Task to carry out:
Check each line of the records below and collect those that include the word "pattern".

Provided information:

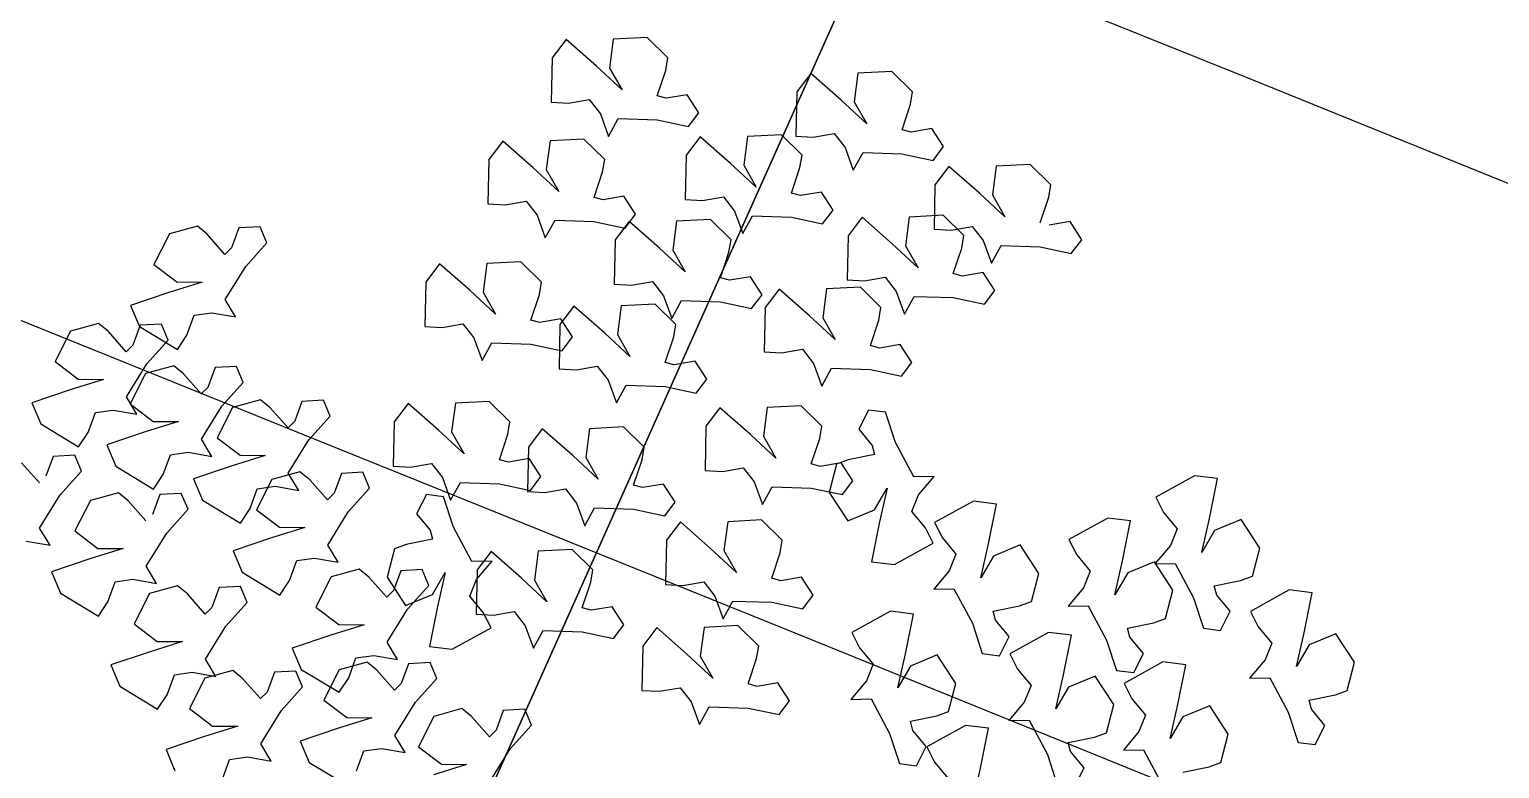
# Model space of a CAD drawing. Header units: inches. Extents: x 555647 to 1112117, y 8563097 to 17126483.
# Drawn here: x 555683.925 to 555687.008, y 8563229.918 to 8563231.468 of the extents above; entities that cross this region are included whole.
import ezdxf

# ---------------------------------------------------------------- set-up
doc = ezdxf.new("R2010")
doc.units = ezdxf.units.IN
doc.header["$MEASUREMENT"] = 0
doc.linetypes.add('CENTER', pattern=[50.8, 31.75, -6.35, 6.35, -6.35])
doc.linetypes.add('CONTINUO', pattern=[0])
for name, color, linetype in [('_MANGEIRA', 7, 'CONTINUO'), ('CurvasTG', 7, 'CONTINUO'), ('INDIC. CORTE', 3, 'CENTER'), ('PN', 7, 'CONTINUO')]:
    doc.layers.add(name, color=color, linetype=linetype)

# ---------------------------------------------------------------- blocks, each defined once
blk = doc.blocks.new('SIMB_MANGUEIRA')
at = {"color": 0, "linetype": 'Continuous', "flags": 128}
for points in [[(-0.1242, 1.7426), (-0.1535, 1.704)], [(-0.0603, 1.6864), (-0.1242, 1.7426)], [(-0.0251, 1.743), (-0.0329, 1.6828)], [(0.0461, 1.7469), (-0.0251, 1.743)], [(0.0895, 1.704), (0.0461, 1.7469)], [(-0.1535, 1.704), (-0.1554, 1.6111)], [(0.0851, 1.678), (0.0895, 1.704)], [(-0.0067, 1.6369), (-0.0603, 1.6864)], [(-0.0329, 1.6828), (-0.0067, 1.6369)], [(0.0673, 1.6246), (0.0851, 1.678)], [(0.389, 1.6716), (0.3598, 1.633)], [(0.4529, 1.6153), (0.389, 1.6716)], [(0.4881, 1.672), (0.4804, 1.6118)], [(0.5594, 1.6758), (0.4881, 1.672)], [(0.6027, 1.633), (0.5594, 1.6758)], [(-0.1554, 1.6111), (-0.1191, 1.6091)], [(-0.1191, 1.6091), (-0.0753, 1.6167)], [(-0.0753, 1.6167), (-0.0522, 1.5871)], [(0.0862, 1.6194), (0.0673, 1.6246)], [(0.1299, 1.6269), (0.0862, 1.6194)], [(0.1544, 1.5891), (0.1299, 1.6269)], [(0.3598, 1.633), (0.3579, 1.5401)], [(0.5065, 1.5658), (0.4529, 1.6153)], [(0.4804, 1.6118), (0.5065, 1.5658)], [(0.5805, 1.5535), (0.5984, 1.607)], [(0.5984, 1.607), (0.6027, 1.633)], [(-0.0522, 1.5871), (-0.0349, 1.5396)], [(-0.0349, 1.5396), (-0.0145, 1.5767)], [(-0.0145, 1.5767), (0.0672, 1.574)], [(0.0672, 1.574), (0.1326, 1.5603)], [(0.1326, 1.5603), (0.1544, 1.5891)], [(0.3276, 1.5429), (0.2563, 1.539)], [(0.3709, 1.5), (0.3276, 1.5429)], [(0.3942, 1.5381), (0.4379, 1.5456)], [(0.4379, 1.5456), (0.461, 1.5161)], [(0.5994, 1.5483), (0.5805, 1.5535)], [(0.6431, 1.5559), (0.5994, 1.5483)], [(0.6677, 1.5181), (0.6431, 1.5559)], [(-0.2568, 1.5297), (-0.2861, 1.4911)], [(-0.193, 1.4734), (-0.2568, 1.5297)], [(-0.1577, 1.5301), (-0.1655, 1.4699)], [(-0.0865, 1.5339), (-0.1577, 1.5301)], [(-0.0431, 1.4911), (-0.0865, 1.5339)], [(0.1572, 1.5386), (0.1279, 1.5)], [(0.2211, 1.4824), (0.1572, 1.5386)], [(0.2563, 1.539), (0.2486, 1.4789)], [(0.3579, 1.5401), (0.3942, 1.5381)], [(0.461, 1.5161), (0.4783, 1.4685)], [(0.6458, 1.4892), (0.6677, 1.5181)], [(-0.2861, 1.4911), (-0.288, 1.3982)], [(-0.0475, 1.4651), (-0.0431, 1.4911)], [(0.1279, 1.5), (0.126, 1.4071)], [(0.2747, 1.4329), (0.2211, 1.4824)], [(0.3665, 1.474), (0.3709, 1.5)], [(0.4783, 1.4685), (0.4987, 1.5056)], [(0.4987, 1.5056), (0.5804, 1.503)], [(0.5804, 1.503), (0.6458, 1.4892)], [(0.8492, 1.4808), (0.7779, 1.4769)], [(0.8925, 1.4379), (0.8492, 1.4808)], [(-0.1393, 1.4239), (-0.193, 1.4734)], [(-0.1655, 1.4699), (-0.1393, 1.4239)], [(-0.0653, 1.4116), (-0.0475, 1.4651)], [(0.2486, 1.4789), (0.2747, 1.4329)], [(0.3487, 1.4206), (0.3665, 1.474)], [(0.6788, 1.4765), (0.6495, 1.4379)], [(0.7427, 1.4203), (0.6788, 1.4765)], [(0.7779, 1.4769), (0.7701, 1.4168)], [(0.3676, 1.4154), (0.3487, 1.4206)], [(0.4113, 1.4229), (0.3676, 1.4154)], [(0.4358, 1.3851), (0.4113, 1.4229)], [(0.6495, 1.4379), (0.6476, 1.345)], [(0.7963, 1.3708), (0.7427, 1.4203)], [(0.8881, 1.4119), (0.8925, 1.4379)], [(-0.288, 1.3982), (-0.2517, 1.3962)], [(-0.2517, 1.3962), (-0.208, 1.4037)], [(-0.208, 1.4037), (-0.1849, 1.3742)], [(-0.0464, 1.4064), (-0.0653, 1.4116)], [(-0.0027, 1.414), (-0.0464, 1.4064)], [(0.0218, 1.3762), (-0.0027, 1.414)], [(0.126, 1.4071), (0.1623, 1.4051)], [(0.1623, 1.4051), (0.2061, 1.4127)], [(0.2061, 1.4127), (0.2292, 1.3831)], [(0.7701, 1.4168), (0.7963, 1.3708)], [(0.8703, 1.3585), (0.8881, 1.4119)], [(-0.1849, 1.3742), (-0.1676, 1.3266)], [(-0.1676, 1.3266), (-0.1471, 1.3637)], [(-0.1471, 1.3637), (-0.0655, 1.3611)], [(-0.0655, 1.3611), (-0.0001, 1.3473)], [(0.0082, 1.3611), (-0.021, 1.3225)], [(-0.0001, 1.3473), (0.0218, 1.3762)], [(0.0721, 1.3049), (0.0082, 1.3611)], [(0.1073, 1.3615), (0.0996, 1.3013)], [(0.1786, 1.3653), (0.1073, 1.3615)], [(0.222, 1.3225), (0.1786, 1.3653)], [(0.2292, 1.3831), (0.2465, 1.3356)], [(0.2465, 1.3356), (0.2669, 1.3727)], [(0.2669, 1.3727), (0.3486, 1.37)], [(0.3486, 1.37), (0.414, 1.3563)], [(0.414, 1.3563), (0.4358, 1.3851)], [(0.4966, 1.3701), (0.4673, 1.3314)], [(0.5604, 1.3138), (0.4966, 1.3701)], [(0.5957, 1.3704), (0.5879, 1.3103)], [(0.6669, 1.3743), (0.5957, 1.3704)], [(0.7103, 1.3315), (0.6669, 1.3743)], [(0.9329, 1.3608), (0.8892, 1.3533)], [(0.9574, 1.323), (0.9329, 1.3608)], [(-0.956, 1.335), (-0.9883, 1.2713)], [(-0.8973, 1.3511), (-0.956, 1.335)], [(-0.8769, 1.3343), (-0.8973, 1.3511)], [(-0.8396, 1.2921), (-0.8769, 1.3343)], [(-0.8103, 1.3475), (-0.8256, 1.3059)], [(-0.7653, 1.3499), (-0.8103, 1.3475)], [(-0.7513, 1.3165), (-0.7653, 1.3499)], [(0.4673, 1.3314), (0.4654, 1.2386)], [(0.6476, 1.345), (0.6839, 1.343)], [(0.6839, 1.343), (0.7277, 1.3506)], [(0.7059, 1.3054), (0.7103, 1.3315)], [(0.7277, 1.3506), (0.7508, 1.321)], [(-0.8256, 1.3059), (-0.8396, 1.2921)], [(-0.7959, 1.2668), (-0.7513, 1.3165)], [(-0.021, 1.3225), (-0.0229, 1.2296)], [(0.1257, 1.2553), (0.0721, 1.3049)], [(0.0996, 1.3013), (0.1257, 1.2553)], [(0.1997, 1.2431), (0.2176, 1.2965)], [(0.2176, 1.2965), (0.222, 1.3225)], [(0.6141, 1.2643), (0.5604, 1.3138)], [(0.5879, 1.3103), (0.6141, 1.2643)], [(0.6881, 1.252), (0.7059, 1.3054)], [(0.7508, 1.321), (0.7681, 1.2735)], [(0.7681, 1.2735), (0.7885, 1.3106)], [(0.7885, 1.3106), (0.8702, 1.3079)], [(0.8702, 1.3079), (0.9356, 1.2942)], [(0.9356, 1.2942), (0.9574, 1.323)], [(-0.9883, 1.2713), (-0.9401, 1.2345)], [(-0.839, 1.1974), (-0.7959, 1.2668)], [(-0.3893, 1.2725), (-0.4185, 1.2339)], [(-0.3254, 1.2163), (-0.3893, 1.2725)], [(-0.2902, 1.2729), (-0.2979, 1.2128)], [(-0.2189, 1.2768), (-0.2902, 1.2729)], [(-0.1756, 1.2339), (-0.2189, 1.2768)], [(-0.8872, 1.2342), (-0.9569, 1.2125)], [(-0.9401, 1.2345), (-0.8872, 1.2342)], [(-0.4185, 1.2339), (-0.4204, 1.141)], [(-0.1799, 1.2079), (-0.1756, 1.2339)], [(0.0134, 1.2276), (0.0571, 1.2352)], [(0.0571, 1.2352), (0.0802, 1.2056)], [(0.2186, 1.2378), (0.1997, 1.2431)], [(0.2624, 1.2454), (0.2186, 1.2378)], [(0.2869, 1.2076), (0.2624, 1.2454)], [(0.4654, 1.2386), (0.5017, 1.2365)], [(0.5017, 1.2365), (0.5454, 1.2441)], [(0.5454, 1.2441), (0.5685, 1.2146)], [(0.707, 1.2468), (0.6881, 1.252)], [(0.7507, 1.2544), (0.707, 1.2468)], [(0.7752, 1.2166), (0.7507, 1.2544)], [(-0.9569, 1.2125), (-1.0376, 1.1853)], [(-0.2718, 1.1668), (-0.3254, 1.2163)], [(-0.2979, 1.2128), (-0.2718, 1.1668)], [(-0.1978, 1.1545), (-0.1799, 1.2079)], [(-0.0229, 1.2296), (0.0134, 1.2276)], [(0.0802, 1.2056), (0.0975, 1.1581)], [(0.265, 1.1788), (0.2869, 1.2076)], [(0.3227, 1.2192), (0.2935, 1.1806)], [(0.3866, 1.163), (0.3227, 1.2192)], [(0.4218, 1.2196), (0.4141, 1.1594)], [(0.4931, 1.2234), (0.4218, 1.2196)], [(0.5364, 1.1806), (0.4931, 1.2234)], [(0.5685, 1.2146), (0.5858, 1.167)], [(0.5858, 1.167), (0.6063, 1.2041)], [(0.6063, 1.2041), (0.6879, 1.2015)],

Reply:
doc.linetypes.add('CENTER', pattern=[50.8, 31.75, -6.35, 6.35, -6.35])
doc.linetypes.add('CONTINUO', pattern=[0])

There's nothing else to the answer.